Fragrance Sensitivity and Everyday Life

This 10-minute video on fragrance sensitivity and chemical intolerance featuring Dr. Anne Steinemann brings attention to a growing problem— one that many people dismiss, until it happens to them. More than even political differences, fragrance sensitivity divides co-workers, families, and friends.

Many physicians, particularly in allergy, psychiatry, and environmental and occupational and environmental medicine, turn a blind eye to a problem that literally is under their noses— one that adversely affects their patients, staff, family members, and even themselves.

When health care professionals use fragrances on themselves or in their medical offices, they and their staff may experience concentration or memory problems, fatigue more easily, and make more mistakes. At the same time, use of fragrances deters sensitive patients in need of their services. Hospitals, medical offices, patient areas, imaging facilities, and therapy rooms, all need to be fragrance-free.

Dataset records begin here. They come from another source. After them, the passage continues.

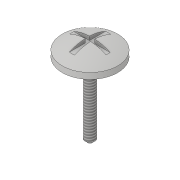
# Autodesk Inventor part: 零件3
Saved by Autodesk Inventor 2019 (Build 230136000, 136)
## iProperties
Created: 2022-10-02
Part Number: 零件3
Material: Generic
Document SubType Name: Modeling
Designer: user
Density: 1 g/cm^3
Appearance: Default
Author: user
Autodesk Inventor part; units mm, degrees
ref_plane "YZ Plane" through (0, 0, 0) normal (1, 0, 0) x (0, 1, 0)
ref_plane "XZ Plane" through (0, 0, 0) normal (0, 1, 0) x (-1, 0, 0)
sketch "草圖1" plane through (0, 0, 0) normal (0, 0, 1) x (1, 0, 0)
  arc A0 (1.4, 0.0728) -> (0, 0.5675) centre (0, -1.6606) ccw
  line L0 (0, 1.1572) -> (0, -2.1303) projected
  line L1 (0, 0.0728) -> (0, 0.5675)
  line L2 (0, 0.0728) -> (1.4, 0.0728)
  dimension "d11" = 1.4
  constraints: 4 end point, 2 point on circle, 2 point on line, 1 centre point, 1 horizontal
  measures "d11" distance of L1.start L2.end
revolve "迴轉1" add sketch "草圖1" angle 360 about axis through (0, 0, 0) along (0, -1, 0)
ref_plane "工作平面1" through (0, 0.5675, 0) normal (0, -1, 0) x (1, 0, 0)
sketch "草圖2" plane through (0, 0.5675, 0) normal (0, -1, 0) x (1, 0, 0)
  line L0 (-2.9128, 0.1062) -> (2.9128, 0.1062)
  line L1 (2.9128, 0.1062) -> (2.9128, -0.1062)
  line L2 (2.9128, -0.1062) -> (-2.9128, -0.1062)
  line L3 (-2.9128, -0.1062) -> (-2.9128, 0.1062)
  line L4 (-2.9128, 0.1062) -> (2.9128, -0.1062) construction
  line L5 (2.9128, 0.1062) -> (-2.9128, -0.1062) construction
  line L6 (-0.1315, 2.5627) -> (0.1315, 2.5627)
  line L7 (0.1315, 2.5627) -> (0.1315, -2.5627)
  line L8 (0.1315, -2.5627) -> (-0.1315, -2.5627)
  line L9 (-0.1315, -2.5627) -> (-0.1315, 2.5627)
  line L10 (-0.1315, 2.5627) -> (0.1315, -2.5627) construction
  line L11 (0.1315, 2.5627) -> (-0.1315, -2.5627) construction
  point P0 (0, 0)
  constraints: 24 end point, 4 midpoint, 4 parallel, 2 horizontal, 2 perpendicular
extrude "擠出1" cut sketch "草圖2" along normal blind 0.2
sketch "草圖3" plane through (0, 0.0728, 0) normal (0, -1, 0) x (1, 0, 0)
  circle A0 centre (0, 0) radius 0.25
  dimension "d10" = 0.5
  constraints: 1 centre point, 1 coincident
  measures "d10" diameter of A0
extrude "擠出2" add sketch "草圖3" along normal blind 4
chamfer "倒角1" distance 0.125 angle 45 1 edges at (-0.25, -3.9272, 0)
sketch "草圖4" plane through (0, 0.0728, 0) normal (0, -1, 0) x (1, 0, 0)
  circle A0 centre (0, 0) radius 0.25 projected
  circle A1 centre (0, 0) radius 1.4 projected
extrude "擠出3" add sketch "草圖4" along normal blind 0.3 contours A0 | A1
thread "螺紋2" size "M0.5x0.125" class "6g" standard "ANSI Metric M Profile" full length

In our book Chemical Exposures: Low Levels and High Stakes, Nicholas Ashford, PhD, JD, of MIT and I described Toxicant-Induced Loss of Tolerance or TILT. Chicago allergist Theron Randolph first noted these intolerances just after World War II. His patients reported symptoms triggered by fragrances, train exhaust, and various synthetic organic chemicals, their derivatives, and combustion products. He called it “the Petrochemical Problem” or “chemical susceptibility.” Whether one uses one of these names, or “multiple chemical sensitivity” (MCS), the pattern remains the same. Industry representatives attending a WHO workshop in Berlin, attempted to relabel this problem as “Idiopathic Environmental Intolerance” (IEI). As opposed to the name TILT, which encourages us to identify the initiating exposure events that can lead to intolerances, IEI is cited in courtrooms and disability hearings to imply a lack of knowledge or evidence. Idiopathic in most of medicine means “of unknown cause or etiology.” However, there is ample evidence that exposures underlie this illness.

Diagnosing TILT is simply a matter of doctors’ acknowledging this new two-step illness pattern, currently observed worldwide: (1) Initiation by an exposure event (or repeated low level exposures) followed by (2) Triggering of multi-system symptoms by everyday exposures that never bothered the person before and don’t bother most people.

TILT can happen to anyone with sufficient exposure, and result in lifelong, disabling illness. Diverse chemicals, pesticides, solvents, diesel exhaust, and myriad indoor air contaminants outgassing from new construction or remodeling materials can initiate TILT. Although some people and families are more susceptible, overall the numbers appear to have grown in industrialized nations.

Preventing initiation, early recognition, and rapid intervention are paramount. Prevention starts with educating health professionals and eliminating exposures in hospitals and medical facilities.

We have developed a questionnaire called the Quick Environmental Exposure and Sensitivity Inventory, or QEESI, to aid practitioners in taking an exposure history. This tool is designed to help epidemiologists, patients, and health providers determine who is at increased risk, or having worsening chemical, food and drug reactions.